Quote from Space Pirate Nithiel;1244272:
I must have missed the part where any of it was explained. All I saw was that the people from LEGO are shady as fuck and refuse to answer any questions about pricing. "Why does your product cost so much?" "Go fuck yourself, it's quality or something." "How much do you make per block?" "None of your fucking business, empty your wallet or get out."
They're not shady, they're secretive. It's their business and they don't have any responsibility towards stockholders or customers to publically reveal their pricing. If you don't like their pricing, don't buy LEGO.
And it's explained well enough, even if not officially. Let's break it down, shall we:
High quality plastics - yes such a thing exists.
Expensive accurate machinery to minimise variations in manufacturing.
This high quality machinery is made in Germany. This means high German wages, high German taxes that influence the pricing of the machines.
Danish wages and taxes for LEGO manufacturing itself.
They actually employ designers to come up with ideas, they don't jsut produce blocks and are done with it. This in itself is expensive.
They have new ideas very often and change their product portfolio regularly. This means they need to adjust their manufacturing very often, even if ever so slightly, so scale effects are not as pronounced as they could be.

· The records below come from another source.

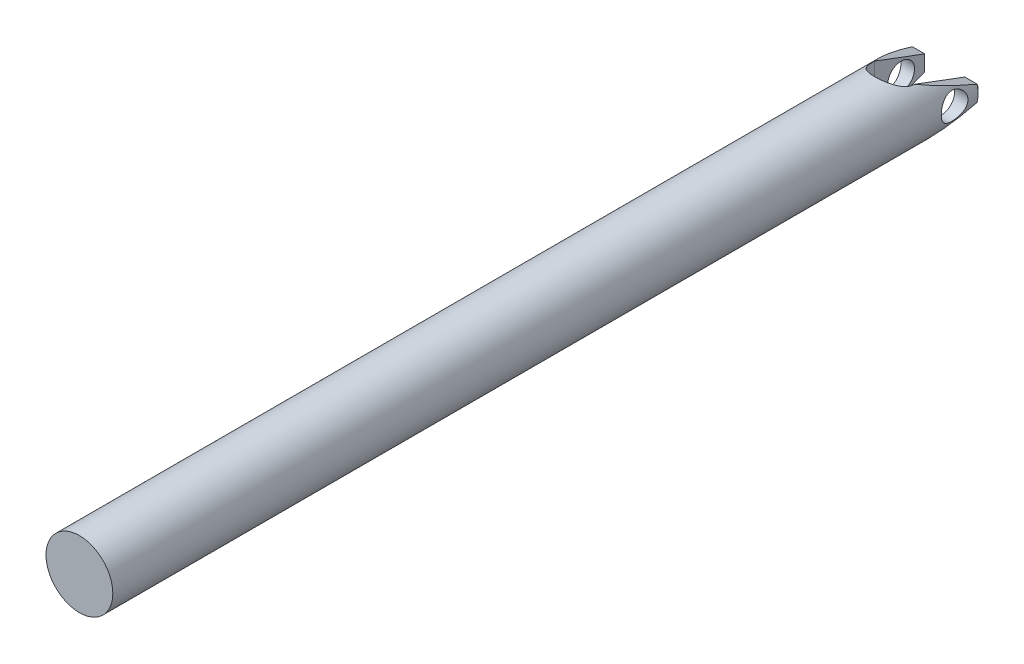
SolidWorks part; units mm, degrees
ref_plane "Front Plane" through (0, 0, 0) normal (0, 0, 1) x (1, 0, 0)
ref_plane "Top Plane" through (0, 0, 0) normal (0, 1, 0) x (1, 0, 0)
ref_plane "Right Plane" through (0, 0, 0) normal (1, 0, 0) x (0, 0, -1)
sketch "Sketch1" plane through (0, 0, 0) normal (0, 0, 1) x (1, 0, 0)
  circle A0 centre (0, 0) radius 5
  dimension "D1" = 10
extrude "Boss-Extrude1" add sketch "Sketch1" along normal blind 130
ref_plane "Plane1" through (0, 5, 0) normal (0, 1, 0) x (1, 0, 0)
sketch "Sketch2" plane through (0, 5, 0) normal (0, 1, 0) x (1, 0, 0)
  line L0 (-5, 0) -> (5, 0) construction
  line L1 (5, 0) -> (-5, 0) construction
  line L2 (-3, 0) -> (3, 0)
  line L4 (-3, 0) -> (-3, -8)
  line L6 (3, 0) -> (3, -8)
  arc A0 (-3, -8) -> (3, -8) centre (0, -8) ccw
  dimension "D1" = 6
  dimension "D2" = 8
extrude "Cut-Extrude1" cut sketch "Sketch2" against normal through all
ref_plane "Plane2" through (5, 0, 0) normal (1, 0, 0) x (0, 0, -1)
sketch "Sketch3" plane through (5, 0, 0) normal (1, 0, 0) x (0, 0, -1)
  line L0 (0, 0) -> (-130, 0) construction
  line L1 (-130, 5) -> (-130, -5) construction
  line L2 (0, 4) -> (-8, 4) construction
  line L3 (-8, 4) -> (-8, -4) construction
  line L4 (-8, -4) -> (0, -4) construction
  line L5 (-8, -4) -> (0, -1)
  line L6 (0, -4) -> (0, 4) construction
  line L7 (0, -1) -> (0, -4)
  line L8 (0, -4) -> (-8, -4)
  line L9 (0, 1) -> (0, 4)
  line L10 (-8, 4) -> (0, 1)
  line L11 (0, 4) -> (-8, 4)
  circle A0 centre (-4, 0) radius 2
  dimension "D1" = 4
  dimension "D2" = 4
  dimension "D3" = 3
extrude "Cut-Extrude2" cut sketch "Sketch3" against normal through all
chamfer "Chamfer1" distance 0.5 distance2 0.5 8 edges at (-3.9495, -1, 0) (-5, 0, 0) (5, 0, 0) (-3.9495, 1, 0) (-3, 0, 0) (3, 0, 0) (3.9495, -1, 0) (3.9495, 1, 0)
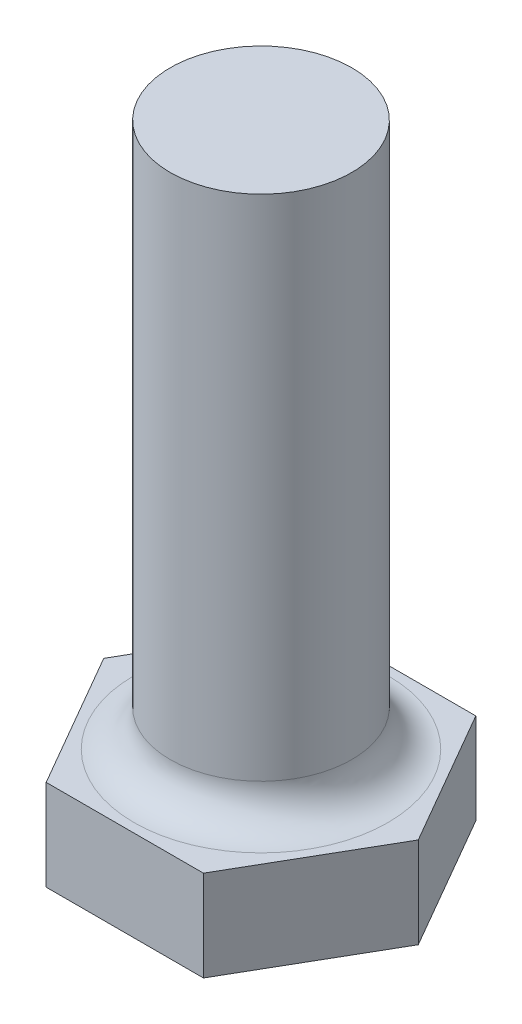
SolidWorks part; units mm, degrees
ref_plane "Front Plane" through (0, 0, 0) normal (0, 0, 1) x (1, 0, 0)
ref_plane "Top Plane" through (0, 0, 0) normal (0, 1, 0) x (1, 0, 0)
ref_plane "Right Plane" through (0, 0, 0) normal (1, 0, 0) x (0, 0, -1)
sketch "Sketch1" plane through (0, 0, 0) normal (0, 1, 0) x (1, 0, 0)
  line L1 (8.6603, 0) -> (4.3301, 7.5)
  line L2 (4.3301, 7.5) -> (-4.3301, 7.5)
  line L3 (-4.3301, 7.5) -> (-8.6603, 0)
  line L4 (-8.6603, 0) -> (-4.3301, -7.5)
  line L5 (-4.3301, -7.5) -> (4.3301, -7.5)
  line L6 (4.3301, -7.5) -> (8.6603, 0)
  circle A0 centre (0, 0) radius 7.5 construction
extrude "Boss-Extrude1" add sketch "Sketch1" along normal blind 5
sketch "Sketch2" plane through (0, 5, 0) normal (0, 1, 0) x (1, 0, 0)
  circle A0 centre (0, 0) radius 5
extrude "Boss-Extrude2" add sketch "Sketch2" along normal blind 30
fillet "Fillet1" radius 2 1 edges at (0, 5, 5)
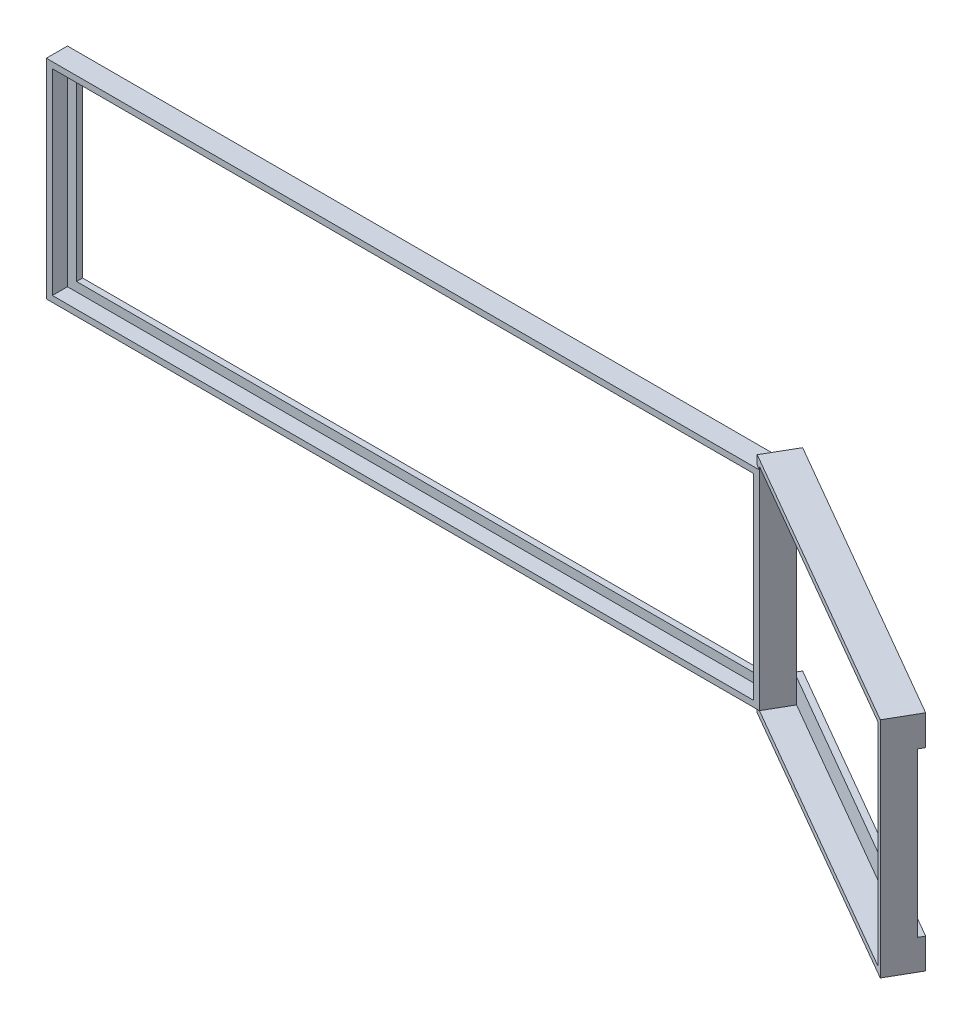
SolidWorks part; units mm, degrees
ref_plane "Front Plane" through (0, 0, 0) normal (0, 0, 1) x (1, 0, 0)
ref_plane "Top Plane" through (0, 0, 0) normal (0, 1, 0) x (1, 0, 0)
ref_plane "Right Plane" through (0, 0, 0) normal (1, 0, 0) x (0, 0, -1)
sketch "Sketch1" plane through (0, 0, 0) normal (0, 0, 1) x (1, 0, 0)
  line L0 (-118, 34.5) -> (-118, -34.5)
  line L1 (-116, 32.5) -> (116, 32.5)
  line L2 (-116, 32.5) -> (-116, -32.5)
  line L3 (-116, -32.5) -> (116, -32.5)
  line L4 (116, 32.5) -> (116, -32.5)
  line L5 (-116, 32.5) -> (116, -32.5) construction
  line L6 (-116, -32.5) -> (116, 32.5) construction
  line L7 (-118, -34.5) -> (118, -34.5)
  line L8 (118, 34.5) -> (118, -34.5)
  line L9 (-118, 34.5) -> (118, 34.5)
  point P0 (0, 0)
  dimension "D1" = 232
  dimension "D2" = 65
  dimension "D3" = 2
extrude "Display outline" add sketch "Sketch1" along normal blind 5
sketch "Sketch3" plane through (0, 0, 0) normal (0, 0, -1) x (-1, 0, 0)
  line L0 (113, 29.5) -> (-113, 29.5)
  line L1 (-113, 29.5) -> (-113, -29.5)
  line L2 (-113, -29.5) -> (113, -29.5)
  line L3 (113, -29.5) -> (113, 29.5)
  line L4 (118, 34.5) -> (-118, 34.5)
  line L5 (-118, 34.5) -> (-118, -34.5)
  line L6 (-118, -34.5) -> (118, -34.5)
  line L7 (118, -34.5) -> (118, 34.5)
  line L8 (118, 34.5) -> (-118, 34.5)
  line L9 (-118, 34.5) -> (-118, -34.5)
  line L10 (-118, -34.5) -> (118, -34.5)
  line L11 (118, -34.5) -> (118, 34.5)
  dimension "D1" = 0
  dimension "D2" = 5
extrude "Rear display retainer" add sketch "Sketch3" along normal blind 2
ref_plane "Stream deck plane" through (27.3349, 0, -47.3455) normal (-0.5, 0, 0.866) x (0, 1, 0)
sketch "Sketch2" plane through (27.3349, 0, -47.3455) normal (-0.5, 0, 0.866) x (0, 1, 0)
  line L0 (-36.5, -102.691) -> (-36.5, -213.941)
  line L1 (-34.5, -104.691) -> (35.5, -104.691)
  line L2 (-34.5, -104.691) -> (-34.5, -211.941)
  line L3 (-34.5, -211.941) -> (35.5, -211.941)
  line L4 (35.5, -104.691) -> (35.5, -211.941)
  line L5 (-36.5, -213.941) -> (37.5, -213.941)
  line L6 (37.5, -102.691) -> (37.5, -213.941)
  line L7 (-36.5, -102.691) -> (37.5, -102.691)
  dimension "D1" = 70
  dimension "D2" = 107.25
  dimension "D3" = 2
extrude "Stream deck outline" add sketch "Sketch2" against normal blind 9
sketch "Sketch4" plane through (31.8349, 0, -55.1397) normal (0.5, 0, -0.866) x (-0.866, 0, -0.5)
  line L0 (-213.941, 27.5) -> (-205.941, 27.5)
  line L1 (-203.941, 29.5) -> (-203.941, 32.5)
  line L2 (-201.941, 34.5) -> (-179.941, 34.5)
  line L3 (-177.941, 32.5) -> (-177.941, 29.5)
  line L4 (-102.691, -36.5) -> (-102.691, 37.5)
  line L5 (-102.691, 37.5) -> (-213.941, 37.5)
  line L6 (-213.941, 37.5) -> (-213.941, -36.5)
  line L7 (-213.941, -36.5) -> (-102.691, -36.5)
  line L8 (-102.691, -36.5) -> (-102.691, -26.5)
  line L9 (-102.691, 37.5) -> (-213.941, 37.5)
  line L10 (-213.941, 37.5) -> (-213.941, 27.5)
  line L11 (-213.941, -36.5) -> (-102.691, -36.5)
  line L12 (-175.941, 27.5) -> (-102.691, 27.5)
  line L13 (-213.941, -26.5) -> (-196.941, -26.5)
  line L14 (-194.941, -28.5) -> (-194.941, -31.5)
  line L15 (-192.941, -33.5) -> (-187.941, -33.5)
  line L16 (-185.941, -31.5) -> (-185.941, -28.5)
  line L17 (-183.941, -26.5) -> (-102.691, -26.5)
  line L18 (-213.941, -26.5) -> (-213.941, -36.5)
  line L19 (-102.691, 27.5) -> (-102.691, 37.5)
  line L20 (-211.941, 35.5) -> (-104.691, 35.5) construction
  line L21 (-211.941, -34.5) -> (-211.941, 35.5) construction
  line L22 (-104.691, -34.5) -> (-211.941, -34.5) construction
  arc A0 (-185.941, -28.5) -> (-183.941, -26.5) centre (-183.941, -28.5) cw
  arc A1 (-187.941, -33.5) -> (-185.941, -31.5) centre (-187.941, -31.5) ccw
  arc A2 (-194.941, -31.5) -> (-192.941, -33.5) centre (-192.941, -31.5) ccw
  arc A3 (-196.941, -26.5) -> (-194.941, -28.5) centre (-196.941, -28.5) cw
  arc A4 (-205.941, 27.5) -> (-203.941, 29.5) centre (-205.941, 29.5) ccw
  arc A5 (-177.941, 29.5) -> (-175.941, 27.5) centre (-175.941, 29.5) ccw
  arc A6 (-179.941, 34.5) -> (-177.941, 32.5) centre (-179.941, 32.5) cw
  arc A7 (-203.941, 32.5) -> (-201.941, 34.5) centre (-201.941, 32.5) cw
  point P36 (-201.941, 34.037)
  dimension "D2" = 2
  dimension "D3" = 8
  dimension "D4" = 8
  dimension "D5" = 34
  dimension "D6" = 7
  dimension "D7" = 8
  dimension "D8" = 7
  dimension "D9" = 17
  dimension "D10" = 26
  dimension "D1" = 0
extrude "Stream deck retainer" add sketch "Sketch4" along normal blind 2

Huge variation in parts which definitely affects the size of their manufacturing plants. Evne more machinery, higher heating costs, higher electricity costs, more workers, more construction, more land-buying or leasing.
License fees.
They want to make money on top of it all.
I really don't see how anyone can say LEGO is overpriced with all that taken into account. It is priced fairly. Sometimes a fair price is a high price.
Maybe watching a NatGeo LEGO documentary helps you.
[video=youtubeold;t2wah736BAc]http://www.youtube.com/watch?v=t2wah736BAc[/video]
Also, HOLY SHIT AWESOME, A LEGO MMO! FREE TO PLAY!
Quote from Osayidan;1244277:
Yeah I don't see any justification in that article. The argument is always "quality" but there's limits.... I don't need my lego set to outlive me. If I'm paying extra for that then I'm paying for something I don't need or want.
Well then don't buy LEGO. They'll get the memo if the market demands it. There are certainly cheaper alternatives out there.
http://brickstories.blogspot.de/2013/06/the-unfinished-list-of-alternative.html
Alternatively buy LEGO second hand. Product quality won't be diminished because of their dedication to high quality manufacturing.